I keep a small spray bottle of water with a tablespoon or so of baking soda dissolved in it on hand. A light spray quickly fizzes away visible corrosion from battery terminals, battery clamps, or the battery tray. It also allows for better inspection of battery wire strands. I usually spray battery terminals about twice a year to keep them looking and working good.
Lastly, I always put anti-seize on the surface of a brake rotor that rests against the hub. I spread a tiny finger dab across the entire surface. The metal surface basically just looks damp and sparkly. If I can visibly see anti-seize there's way too much. The super thin coating prevents the anti-seize from ever migrating onto the brake rotor surfaces over time, but it's enough to prevent the brake rotor from sticking to the hub when it's time to change out the brake rotors.
This is the video l seen,You can also just take a roloc disc or cut off wheel and grind the sleeve flush with the case. Itll pull in when you tighten it. Always be careful trying to press those on a spray-n-pray reman as it might be seized.
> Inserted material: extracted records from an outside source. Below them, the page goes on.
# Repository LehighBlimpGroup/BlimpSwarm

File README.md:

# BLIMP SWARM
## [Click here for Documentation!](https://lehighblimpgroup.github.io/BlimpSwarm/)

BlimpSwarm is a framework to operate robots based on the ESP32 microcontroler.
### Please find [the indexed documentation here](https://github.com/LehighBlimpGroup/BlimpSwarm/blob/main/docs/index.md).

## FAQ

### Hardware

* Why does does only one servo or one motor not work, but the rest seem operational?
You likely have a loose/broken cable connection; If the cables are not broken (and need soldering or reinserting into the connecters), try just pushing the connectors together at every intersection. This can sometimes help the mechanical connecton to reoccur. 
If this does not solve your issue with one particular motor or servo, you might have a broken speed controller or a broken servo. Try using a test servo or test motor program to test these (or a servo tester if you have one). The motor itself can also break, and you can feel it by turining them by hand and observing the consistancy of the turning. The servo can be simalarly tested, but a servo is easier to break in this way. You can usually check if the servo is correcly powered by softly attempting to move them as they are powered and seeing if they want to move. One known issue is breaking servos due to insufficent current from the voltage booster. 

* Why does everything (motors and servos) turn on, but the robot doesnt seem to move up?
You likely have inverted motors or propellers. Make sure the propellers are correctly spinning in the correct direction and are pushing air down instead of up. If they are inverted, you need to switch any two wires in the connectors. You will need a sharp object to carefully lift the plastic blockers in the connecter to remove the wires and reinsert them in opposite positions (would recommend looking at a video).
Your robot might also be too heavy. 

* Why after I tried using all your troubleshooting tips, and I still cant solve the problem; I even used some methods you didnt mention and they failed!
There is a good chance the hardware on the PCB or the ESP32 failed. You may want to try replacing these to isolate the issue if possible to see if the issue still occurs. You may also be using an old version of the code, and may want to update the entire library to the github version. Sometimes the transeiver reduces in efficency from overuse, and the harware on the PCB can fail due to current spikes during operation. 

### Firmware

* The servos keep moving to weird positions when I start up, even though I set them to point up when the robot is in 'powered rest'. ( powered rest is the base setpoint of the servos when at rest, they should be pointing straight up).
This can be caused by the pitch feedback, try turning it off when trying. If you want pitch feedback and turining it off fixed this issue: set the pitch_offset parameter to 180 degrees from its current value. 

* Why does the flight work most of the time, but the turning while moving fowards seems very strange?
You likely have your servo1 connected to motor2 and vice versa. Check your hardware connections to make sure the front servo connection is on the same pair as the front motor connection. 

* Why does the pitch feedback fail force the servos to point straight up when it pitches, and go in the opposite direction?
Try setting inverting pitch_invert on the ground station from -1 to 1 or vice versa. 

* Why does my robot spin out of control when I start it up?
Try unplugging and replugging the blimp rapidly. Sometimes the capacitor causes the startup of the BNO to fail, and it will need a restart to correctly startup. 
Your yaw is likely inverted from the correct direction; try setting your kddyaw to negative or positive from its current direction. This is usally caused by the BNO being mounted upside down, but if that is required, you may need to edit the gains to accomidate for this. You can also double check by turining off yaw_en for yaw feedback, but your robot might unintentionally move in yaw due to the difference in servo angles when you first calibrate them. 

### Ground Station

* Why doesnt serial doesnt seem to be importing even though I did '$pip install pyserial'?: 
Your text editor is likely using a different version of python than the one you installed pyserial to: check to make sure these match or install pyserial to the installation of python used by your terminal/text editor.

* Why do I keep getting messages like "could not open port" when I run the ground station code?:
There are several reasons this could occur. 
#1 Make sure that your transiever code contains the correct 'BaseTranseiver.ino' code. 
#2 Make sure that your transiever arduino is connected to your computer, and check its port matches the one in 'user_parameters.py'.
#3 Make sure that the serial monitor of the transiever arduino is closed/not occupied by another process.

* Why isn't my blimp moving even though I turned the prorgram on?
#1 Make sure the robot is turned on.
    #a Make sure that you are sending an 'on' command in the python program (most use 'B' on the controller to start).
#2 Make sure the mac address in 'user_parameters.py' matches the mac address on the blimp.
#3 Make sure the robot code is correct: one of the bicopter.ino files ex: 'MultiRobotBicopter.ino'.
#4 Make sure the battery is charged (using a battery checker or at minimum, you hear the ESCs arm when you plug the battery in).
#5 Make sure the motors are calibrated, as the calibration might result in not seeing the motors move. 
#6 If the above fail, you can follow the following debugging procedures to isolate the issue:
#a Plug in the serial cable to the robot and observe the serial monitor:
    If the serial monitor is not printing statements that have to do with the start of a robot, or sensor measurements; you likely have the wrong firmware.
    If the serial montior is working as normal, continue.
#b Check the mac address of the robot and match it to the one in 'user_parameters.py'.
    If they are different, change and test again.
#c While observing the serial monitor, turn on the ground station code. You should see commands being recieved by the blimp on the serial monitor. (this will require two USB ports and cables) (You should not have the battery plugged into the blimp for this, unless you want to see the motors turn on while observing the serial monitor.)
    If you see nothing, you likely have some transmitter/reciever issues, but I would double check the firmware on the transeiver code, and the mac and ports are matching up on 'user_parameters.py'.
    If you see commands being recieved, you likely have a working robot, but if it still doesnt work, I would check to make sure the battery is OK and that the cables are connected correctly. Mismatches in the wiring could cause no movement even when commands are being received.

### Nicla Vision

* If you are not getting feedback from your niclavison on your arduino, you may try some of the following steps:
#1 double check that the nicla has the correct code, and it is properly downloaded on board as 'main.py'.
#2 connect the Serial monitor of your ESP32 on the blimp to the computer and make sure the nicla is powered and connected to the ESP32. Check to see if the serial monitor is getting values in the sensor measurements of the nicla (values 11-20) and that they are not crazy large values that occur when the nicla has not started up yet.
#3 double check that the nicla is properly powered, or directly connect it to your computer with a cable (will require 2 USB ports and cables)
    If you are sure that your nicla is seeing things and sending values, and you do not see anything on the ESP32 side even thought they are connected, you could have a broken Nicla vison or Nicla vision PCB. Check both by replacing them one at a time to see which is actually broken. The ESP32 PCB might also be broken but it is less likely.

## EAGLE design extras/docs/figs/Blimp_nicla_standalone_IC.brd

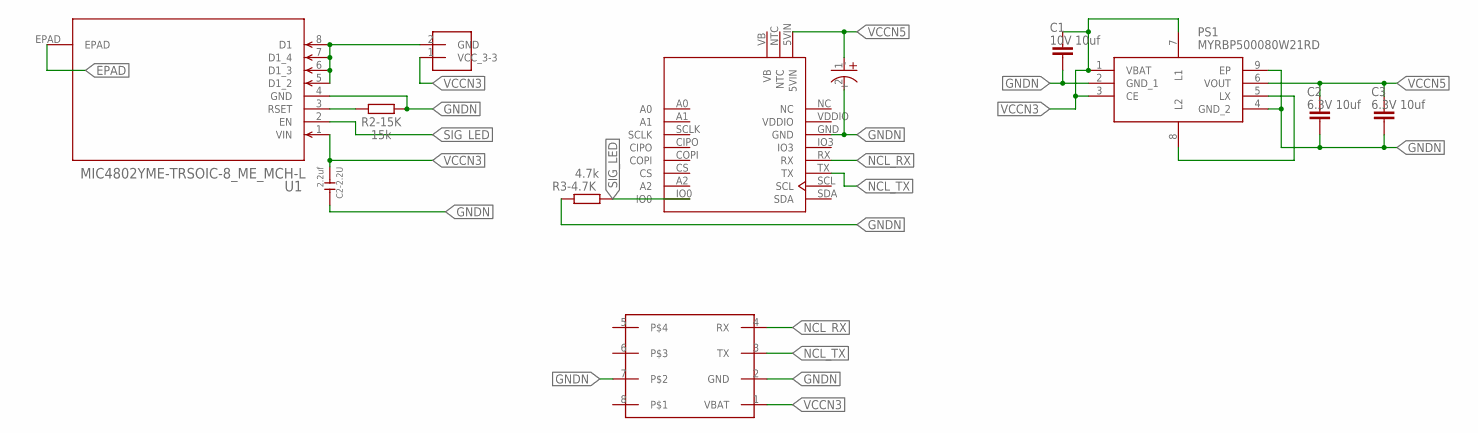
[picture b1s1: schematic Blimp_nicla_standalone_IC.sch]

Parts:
C1: 10V 10uf; CAPC1608X85
C2, C3: 6.3V 10uf; CAPC1608X85
C2-2.2U: 2.2uf; C0402
IR_LED1: UV_LIGHT
PS1: MYRBP500080W21RD
R2-15K: 15k; RESC1608X60
R3-4.7K: 4.7k; RESC1608X60
U1: MIC4802YME-TRSOIC-8_ME_MCH-L; SOIC-8_ME_MCH-L
U$6: NICLA_ESP_4PIN_CONNECTOR_MALE_ON_NICLA; ESP_NICLA_4X2PIN_CONNECTOR_MALE_ON_NICLA
U$9: CUSTOM_C; CAP
U$15: NICLAVISION; NICLA_FULL

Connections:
EPAD: U1.EPAD
GNDN: C1.2, C2.2, C2-2.2U.2, C3.2, PS1.2 (GND_1), PS1.4 (GND_2), PS1.9 (EP), R2-15K.2, R3-4.7K.2, U1.4 (GND), U$6.2 (GND), U$6.7, U$9.2 (-), U$15.GND
unnamed: IR_LED1.2 (GND), U1.5 (D1_2), U1.6 (D1_3), U1.7 (D1_4), U1.8 (D1)
unnamed: R2-15K.1, U1.3 (RSET)
unnamed: PS1.5 (LX), PS1.8 (L2)
NCL_RX: U$6.4 (RX), U$15.RX
NCL_TX: U$6.3 (TX), U$15.TX
SIG_LED: R3-4.7K.1, U1.2 (EN), U$15.IO0
VB: U$15.VB
VCCN3: C1.1, C2-2.2U.1, IR_LED1.1 (VCC_3-3), PS1.1 (VBAT), PS1.3 (CE), PS1.7 (L1), U1.1 (VIN), U$6.1 (VBAT)
VCCN5: C2.1, C3.1, PS1.6 (VOUT), U$9.1 (+), U$15.5VIN
VDDIO: U$15.VDDIO

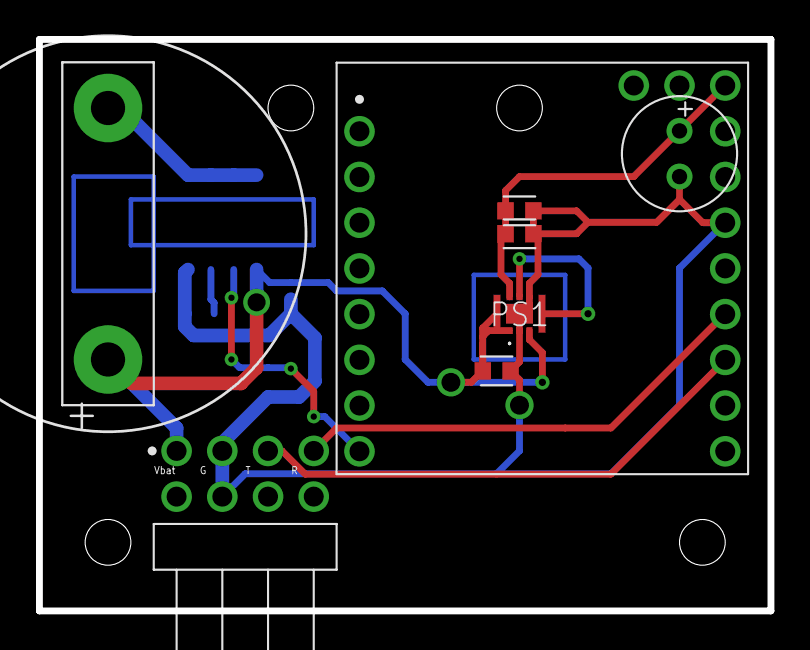
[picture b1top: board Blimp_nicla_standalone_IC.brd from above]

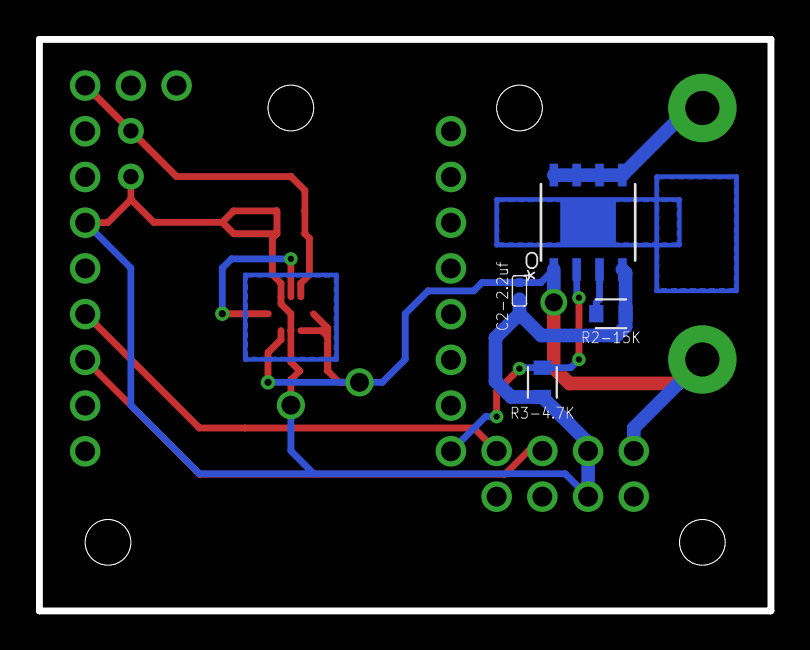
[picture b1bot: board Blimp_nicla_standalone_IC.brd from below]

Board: 2 copper layers, 40.6 x 31.8 mm, 12 parts (4 on the bottom side), 9 nets.

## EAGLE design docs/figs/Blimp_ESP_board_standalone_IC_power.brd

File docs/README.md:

# Simplest Jekyll
> A minimal Jekyll-based site on GH Pages, reduced to one page of content with a theme

<div align="center">

[_config.yml](_config.yml)
</div>

## Preview

<div align="center">
    
</div>

## About

This is a template and live demo project. It shows how little you need to setup to get a Jekyll site on GH Pages.

- [index.md](/index.md)
    - For the homepage - the only page in this case.
    - If you leave out this page, then `README.md` will be used as your homepage.
- [\_config.yml](/_config.yml)
    - Set the theme - that handles the layout and styling.
    - Enable Jekyll Sitemap plugin - enabling it in Gemfile is not enough. Note that other plugins will be enabled for you like optional frontmatter.
    - Other standard values like `baseurl`, `title` and `description` have been left out of the config. When building on GH Pages, these will be inferred for you by the GH Pages gem.
- [Gemfile](/Gemfile)
    - This is not actually used by GH Pages, but it allows you to install the Jekyll theme locally using Bundler. 
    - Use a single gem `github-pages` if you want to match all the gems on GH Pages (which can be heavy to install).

I know this is an old-ish post, but this is something I first saw in the writings of Rob Siegel in the BMW CCA magazine ("The Roundel")2. "When you see hoofprints, think horses not zebras". (ie start your trouble shooting with the most likely pareto of possible causes and work your way down the list.)
I have several circuit beakers with wire leads, heat shrunk and took the spades off burnt fuses and soldered to the ends, they have seen much use.That, and the bulb limits current. Say a typical test light is going to pull .250amps max, a tail lamp bulb 2 to 2.5. If it's a dead short, this is a lot easier. All you need to know is that current can flow to ground. The fact that a 20amp fuse is popping instantly is irrelevant.
Circuit breakers are nice as well.
Some aspects have already been mentioned here.Explain??